**** Provided records ****
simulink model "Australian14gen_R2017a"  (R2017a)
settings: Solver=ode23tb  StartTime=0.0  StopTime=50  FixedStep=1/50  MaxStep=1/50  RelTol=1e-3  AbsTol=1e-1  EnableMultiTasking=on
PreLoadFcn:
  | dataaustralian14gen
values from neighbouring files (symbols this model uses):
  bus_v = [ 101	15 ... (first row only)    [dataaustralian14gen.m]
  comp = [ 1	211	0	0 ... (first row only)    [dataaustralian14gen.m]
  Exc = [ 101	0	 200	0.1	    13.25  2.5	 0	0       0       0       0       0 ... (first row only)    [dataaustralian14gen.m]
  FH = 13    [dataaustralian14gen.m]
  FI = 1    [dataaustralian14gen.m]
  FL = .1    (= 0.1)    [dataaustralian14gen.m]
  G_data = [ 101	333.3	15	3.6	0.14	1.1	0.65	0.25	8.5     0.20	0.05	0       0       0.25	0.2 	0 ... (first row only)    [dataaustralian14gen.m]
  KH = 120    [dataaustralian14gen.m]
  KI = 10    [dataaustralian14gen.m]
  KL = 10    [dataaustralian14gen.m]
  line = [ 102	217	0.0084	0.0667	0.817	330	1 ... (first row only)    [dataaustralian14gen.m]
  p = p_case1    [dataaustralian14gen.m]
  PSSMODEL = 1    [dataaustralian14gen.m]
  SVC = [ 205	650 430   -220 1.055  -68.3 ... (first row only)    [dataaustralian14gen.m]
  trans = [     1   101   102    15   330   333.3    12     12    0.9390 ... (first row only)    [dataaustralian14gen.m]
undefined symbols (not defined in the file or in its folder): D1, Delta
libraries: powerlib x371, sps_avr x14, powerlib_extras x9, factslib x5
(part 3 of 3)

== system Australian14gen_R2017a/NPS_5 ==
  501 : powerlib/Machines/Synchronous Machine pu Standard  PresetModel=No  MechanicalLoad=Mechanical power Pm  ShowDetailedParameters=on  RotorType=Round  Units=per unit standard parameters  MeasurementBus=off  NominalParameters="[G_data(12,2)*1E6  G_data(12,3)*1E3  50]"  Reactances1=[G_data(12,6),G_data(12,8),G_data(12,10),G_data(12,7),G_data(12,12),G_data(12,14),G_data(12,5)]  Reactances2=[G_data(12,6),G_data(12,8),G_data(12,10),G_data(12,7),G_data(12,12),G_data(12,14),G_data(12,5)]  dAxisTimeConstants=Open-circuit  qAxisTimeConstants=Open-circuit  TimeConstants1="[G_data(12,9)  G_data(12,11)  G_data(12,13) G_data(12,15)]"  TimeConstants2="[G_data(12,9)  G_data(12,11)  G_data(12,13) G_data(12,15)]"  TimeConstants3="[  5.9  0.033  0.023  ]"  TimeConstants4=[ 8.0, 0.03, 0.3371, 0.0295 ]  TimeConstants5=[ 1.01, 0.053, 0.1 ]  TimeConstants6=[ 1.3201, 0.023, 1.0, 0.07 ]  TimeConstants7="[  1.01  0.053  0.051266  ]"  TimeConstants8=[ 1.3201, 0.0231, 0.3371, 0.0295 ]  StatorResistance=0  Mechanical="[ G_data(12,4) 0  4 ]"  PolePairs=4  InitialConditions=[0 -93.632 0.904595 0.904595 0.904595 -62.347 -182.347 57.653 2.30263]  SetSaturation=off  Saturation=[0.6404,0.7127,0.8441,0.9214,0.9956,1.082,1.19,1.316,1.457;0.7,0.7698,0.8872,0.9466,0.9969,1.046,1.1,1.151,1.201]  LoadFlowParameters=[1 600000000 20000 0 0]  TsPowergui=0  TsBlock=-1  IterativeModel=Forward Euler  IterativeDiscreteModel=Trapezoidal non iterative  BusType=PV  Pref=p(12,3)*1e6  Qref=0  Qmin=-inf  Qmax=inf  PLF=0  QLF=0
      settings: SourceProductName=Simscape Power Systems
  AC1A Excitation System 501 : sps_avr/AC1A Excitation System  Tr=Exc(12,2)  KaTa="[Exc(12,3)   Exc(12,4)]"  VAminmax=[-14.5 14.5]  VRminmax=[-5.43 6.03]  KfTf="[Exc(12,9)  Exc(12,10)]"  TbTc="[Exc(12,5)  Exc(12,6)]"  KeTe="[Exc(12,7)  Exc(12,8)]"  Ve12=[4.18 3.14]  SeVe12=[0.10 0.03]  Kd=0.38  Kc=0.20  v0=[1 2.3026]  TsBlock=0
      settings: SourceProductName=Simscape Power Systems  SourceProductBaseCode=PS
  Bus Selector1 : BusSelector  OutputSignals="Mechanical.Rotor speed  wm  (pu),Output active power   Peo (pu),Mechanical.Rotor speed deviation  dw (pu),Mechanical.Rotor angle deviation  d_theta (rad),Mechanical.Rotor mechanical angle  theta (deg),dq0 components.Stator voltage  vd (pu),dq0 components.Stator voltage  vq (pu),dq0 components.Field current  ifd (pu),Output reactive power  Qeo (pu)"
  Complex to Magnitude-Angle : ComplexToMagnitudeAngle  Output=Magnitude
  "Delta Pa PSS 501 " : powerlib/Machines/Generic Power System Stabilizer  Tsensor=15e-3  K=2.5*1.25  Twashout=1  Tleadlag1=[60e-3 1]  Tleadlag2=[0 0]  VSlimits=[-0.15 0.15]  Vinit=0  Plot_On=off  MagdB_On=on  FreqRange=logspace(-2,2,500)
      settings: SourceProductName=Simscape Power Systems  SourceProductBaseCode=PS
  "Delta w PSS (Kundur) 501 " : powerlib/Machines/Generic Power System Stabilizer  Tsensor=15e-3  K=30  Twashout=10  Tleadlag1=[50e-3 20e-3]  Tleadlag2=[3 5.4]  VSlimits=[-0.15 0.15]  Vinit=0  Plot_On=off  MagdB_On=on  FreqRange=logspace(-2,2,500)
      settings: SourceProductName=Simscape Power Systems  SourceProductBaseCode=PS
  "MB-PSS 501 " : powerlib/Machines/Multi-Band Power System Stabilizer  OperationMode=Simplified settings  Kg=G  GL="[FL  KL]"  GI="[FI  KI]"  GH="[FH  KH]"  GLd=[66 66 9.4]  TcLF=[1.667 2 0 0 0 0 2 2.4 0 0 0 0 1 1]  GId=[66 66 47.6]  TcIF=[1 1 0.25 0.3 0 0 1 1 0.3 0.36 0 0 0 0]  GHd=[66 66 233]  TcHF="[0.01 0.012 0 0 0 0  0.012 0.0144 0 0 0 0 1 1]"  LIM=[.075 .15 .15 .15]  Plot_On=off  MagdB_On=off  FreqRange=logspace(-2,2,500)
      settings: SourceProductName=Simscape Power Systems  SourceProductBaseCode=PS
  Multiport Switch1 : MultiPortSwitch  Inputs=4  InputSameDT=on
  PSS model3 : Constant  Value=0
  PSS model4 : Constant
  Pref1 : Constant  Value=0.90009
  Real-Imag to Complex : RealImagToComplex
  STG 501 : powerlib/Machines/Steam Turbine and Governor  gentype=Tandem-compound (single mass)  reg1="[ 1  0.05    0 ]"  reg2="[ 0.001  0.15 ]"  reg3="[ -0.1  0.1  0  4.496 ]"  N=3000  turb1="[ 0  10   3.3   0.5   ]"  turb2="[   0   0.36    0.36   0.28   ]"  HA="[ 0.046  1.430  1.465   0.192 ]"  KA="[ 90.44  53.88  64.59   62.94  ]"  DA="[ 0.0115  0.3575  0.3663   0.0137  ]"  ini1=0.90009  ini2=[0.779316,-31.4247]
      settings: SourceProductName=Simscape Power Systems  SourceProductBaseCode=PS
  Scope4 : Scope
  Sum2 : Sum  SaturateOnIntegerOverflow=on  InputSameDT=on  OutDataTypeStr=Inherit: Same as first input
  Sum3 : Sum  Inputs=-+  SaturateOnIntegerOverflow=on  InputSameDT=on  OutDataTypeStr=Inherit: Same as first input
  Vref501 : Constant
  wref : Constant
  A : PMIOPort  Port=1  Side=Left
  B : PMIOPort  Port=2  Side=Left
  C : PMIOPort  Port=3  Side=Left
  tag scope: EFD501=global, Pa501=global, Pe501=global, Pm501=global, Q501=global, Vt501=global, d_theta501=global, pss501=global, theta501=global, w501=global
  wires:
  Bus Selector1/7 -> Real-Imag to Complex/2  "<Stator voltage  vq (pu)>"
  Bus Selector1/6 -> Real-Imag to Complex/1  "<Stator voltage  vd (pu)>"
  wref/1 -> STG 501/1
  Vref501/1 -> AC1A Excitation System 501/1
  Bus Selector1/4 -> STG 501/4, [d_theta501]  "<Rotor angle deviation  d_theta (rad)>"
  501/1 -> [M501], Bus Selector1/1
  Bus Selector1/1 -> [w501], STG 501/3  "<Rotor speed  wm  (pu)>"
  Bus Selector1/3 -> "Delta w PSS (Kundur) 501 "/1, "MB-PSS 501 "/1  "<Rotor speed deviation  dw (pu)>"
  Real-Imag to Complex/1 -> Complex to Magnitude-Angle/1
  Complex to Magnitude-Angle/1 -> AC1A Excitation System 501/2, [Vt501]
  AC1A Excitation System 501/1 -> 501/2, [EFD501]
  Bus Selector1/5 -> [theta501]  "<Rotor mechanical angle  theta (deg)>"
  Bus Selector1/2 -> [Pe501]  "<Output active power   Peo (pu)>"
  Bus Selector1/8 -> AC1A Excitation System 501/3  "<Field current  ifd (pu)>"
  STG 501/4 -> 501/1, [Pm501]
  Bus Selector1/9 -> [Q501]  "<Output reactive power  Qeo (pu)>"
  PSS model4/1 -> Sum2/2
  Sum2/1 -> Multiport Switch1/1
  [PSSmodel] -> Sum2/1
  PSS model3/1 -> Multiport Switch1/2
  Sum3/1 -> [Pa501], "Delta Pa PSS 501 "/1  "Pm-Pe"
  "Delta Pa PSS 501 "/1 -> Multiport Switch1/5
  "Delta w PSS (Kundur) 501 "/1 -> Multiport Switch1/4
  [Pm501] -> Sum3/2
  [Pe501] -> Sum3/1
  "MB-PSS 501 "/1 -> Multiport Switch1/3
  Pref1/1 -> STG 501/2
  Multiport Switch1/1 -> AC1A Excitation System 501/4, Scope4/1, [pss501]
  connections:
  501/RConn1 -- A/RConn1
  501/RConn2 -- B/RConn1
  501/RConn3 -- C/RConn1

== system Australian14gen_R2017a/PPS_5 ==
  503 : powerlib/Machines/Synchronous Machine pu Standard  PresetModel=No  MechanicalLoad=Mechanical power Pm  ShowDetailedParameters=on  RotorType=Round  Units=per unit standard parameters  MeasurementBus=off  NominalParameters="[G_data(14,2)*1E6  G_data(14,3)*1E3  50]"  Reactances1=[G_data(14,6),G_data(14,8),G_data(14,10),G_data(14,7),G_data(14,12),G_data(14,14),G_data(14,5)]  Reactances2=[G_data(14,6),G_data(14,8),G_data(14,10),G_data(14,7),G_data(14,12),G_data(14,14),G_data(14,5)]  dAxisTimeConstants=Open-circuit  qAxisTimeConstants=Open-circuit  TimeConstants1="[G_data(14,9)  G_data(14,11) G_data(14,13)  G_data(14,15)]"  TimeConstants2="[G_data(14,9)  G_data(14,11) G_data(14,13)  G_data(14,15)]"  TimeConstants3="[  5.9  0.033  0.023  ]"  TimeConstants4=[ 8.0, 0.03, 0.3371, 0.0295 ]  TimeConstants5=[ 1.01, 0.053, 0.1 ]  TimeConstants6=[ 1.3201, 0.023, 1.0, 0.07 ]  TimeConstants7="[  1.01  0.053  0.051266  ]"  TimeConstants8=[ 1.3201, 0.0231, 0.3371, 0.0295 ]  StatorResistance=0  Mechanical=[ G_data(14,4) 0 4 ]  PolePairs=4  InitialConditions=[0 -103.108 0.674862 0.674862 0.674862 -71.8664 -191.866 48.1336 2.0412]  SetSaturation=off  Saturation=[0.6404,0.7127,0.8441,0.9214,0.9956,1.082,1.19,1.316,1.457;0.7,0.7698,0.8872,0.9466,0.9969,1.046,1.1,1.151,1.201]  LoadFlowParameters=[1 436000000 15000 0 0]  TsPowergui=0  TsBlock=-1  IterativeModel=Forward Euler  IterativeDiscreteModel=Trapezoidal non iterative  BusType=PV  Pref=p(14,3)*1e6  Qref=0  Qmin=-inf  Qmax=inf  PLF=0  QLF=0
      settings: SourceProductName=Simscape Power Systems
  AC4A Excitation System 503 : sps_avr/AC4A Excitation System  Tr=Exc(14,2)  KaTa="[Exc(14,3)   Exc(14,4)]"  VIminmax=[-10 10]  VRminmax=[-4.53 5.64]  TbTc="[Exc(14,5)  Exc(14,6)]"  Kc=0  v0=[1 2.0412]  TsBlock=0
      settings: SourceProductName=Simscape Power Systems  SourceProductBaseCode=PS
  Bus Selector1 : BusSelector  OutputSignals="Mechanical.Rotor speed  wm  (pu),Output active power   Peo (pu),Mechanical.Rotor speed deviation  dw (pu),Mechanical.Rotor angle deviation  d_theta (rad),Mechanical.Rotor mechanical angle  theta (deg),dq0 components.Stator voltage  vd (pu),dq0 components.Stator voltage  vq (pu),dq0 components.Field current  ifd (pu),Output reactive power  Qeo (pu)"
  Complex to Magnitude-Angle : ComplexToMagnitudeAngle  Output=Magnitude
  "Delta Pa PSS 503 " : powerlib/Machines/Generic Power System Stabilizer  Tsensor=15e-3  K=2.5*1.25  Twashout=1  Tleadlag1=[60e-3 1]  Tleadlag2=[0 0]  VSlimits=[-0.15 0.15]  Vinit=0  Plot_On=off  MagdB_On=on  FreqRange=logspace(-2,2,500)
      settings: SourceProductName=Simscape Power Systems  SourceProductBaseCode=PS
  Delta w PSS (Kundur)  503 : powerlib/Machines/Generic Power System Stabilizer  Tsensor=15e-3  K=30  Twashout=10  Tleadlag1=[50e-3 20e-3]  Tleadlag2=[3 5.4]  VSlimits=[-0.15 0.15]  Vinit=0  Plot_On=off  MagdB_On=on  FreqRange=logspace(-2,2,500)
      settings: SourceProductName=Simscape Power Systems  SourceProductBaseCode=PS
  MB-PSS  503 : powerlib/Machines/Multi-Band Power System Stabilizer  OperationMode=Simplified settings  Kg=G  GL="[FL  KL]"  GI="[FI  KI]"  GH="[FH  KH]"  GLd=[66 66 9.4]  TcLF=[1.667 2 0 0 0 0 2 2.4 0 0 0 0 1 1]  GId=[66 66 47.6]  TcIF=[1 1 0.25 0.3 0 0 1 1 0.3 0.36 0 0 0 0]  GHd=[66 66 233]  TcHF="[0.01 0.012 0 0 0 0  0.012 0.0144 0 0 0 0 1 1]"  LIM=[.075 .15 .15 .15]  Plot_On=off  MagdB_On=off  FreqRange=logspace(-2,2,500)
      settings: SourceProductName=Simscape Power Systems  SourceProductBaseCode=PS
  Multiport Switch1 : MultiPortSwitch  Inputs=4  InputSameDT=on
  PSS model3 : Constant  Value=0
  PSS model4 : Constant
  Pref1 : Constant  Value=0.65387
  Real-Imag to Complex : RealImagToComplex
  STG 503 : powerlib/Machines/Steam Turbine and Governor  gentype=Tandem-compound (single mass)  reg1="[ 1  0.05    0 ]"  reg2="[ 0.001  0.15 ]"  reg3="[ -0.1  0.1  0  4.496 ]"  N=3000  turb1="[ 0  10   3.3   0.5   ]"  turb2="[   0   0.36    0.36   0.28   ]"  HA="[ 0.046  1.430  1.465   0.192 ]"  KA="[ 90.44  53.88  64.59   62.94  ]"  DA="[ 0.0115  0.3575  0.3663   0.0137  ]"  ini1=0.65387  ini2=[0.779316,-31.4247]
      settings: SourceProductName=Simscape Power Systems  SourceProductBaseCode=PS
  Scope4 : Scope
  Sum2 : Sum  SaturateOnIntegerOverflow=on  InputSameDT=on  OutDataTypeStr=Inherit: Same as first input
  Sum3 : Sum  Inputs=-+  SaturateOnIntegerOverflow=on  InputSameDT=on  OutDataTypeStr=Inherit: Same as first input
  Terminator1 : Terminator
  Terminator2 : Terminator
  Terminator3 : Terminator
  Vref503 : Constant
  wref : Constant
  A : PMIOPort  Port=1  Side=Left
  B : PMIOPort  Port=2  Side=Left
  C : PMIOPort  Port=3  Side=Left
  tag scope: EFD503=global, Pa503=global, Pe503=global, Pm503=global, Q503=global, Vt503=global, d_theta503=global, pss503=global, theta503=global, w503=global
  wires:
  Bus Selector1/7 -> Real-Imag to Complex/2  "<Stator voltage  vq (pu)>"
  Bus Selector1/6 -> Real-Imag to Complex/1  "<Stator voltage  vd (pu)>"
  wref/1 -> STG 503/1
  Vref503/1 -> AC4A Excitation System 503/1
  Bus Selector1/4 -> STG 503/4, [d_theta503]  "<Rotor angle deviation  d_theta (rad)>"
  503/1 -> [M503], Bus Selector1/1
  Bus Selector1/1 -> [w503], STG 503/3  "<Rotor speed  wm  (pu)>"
****
▸ Required work
Report only how many lines of the listing hold the word "Generic".

▸ Exercise result
4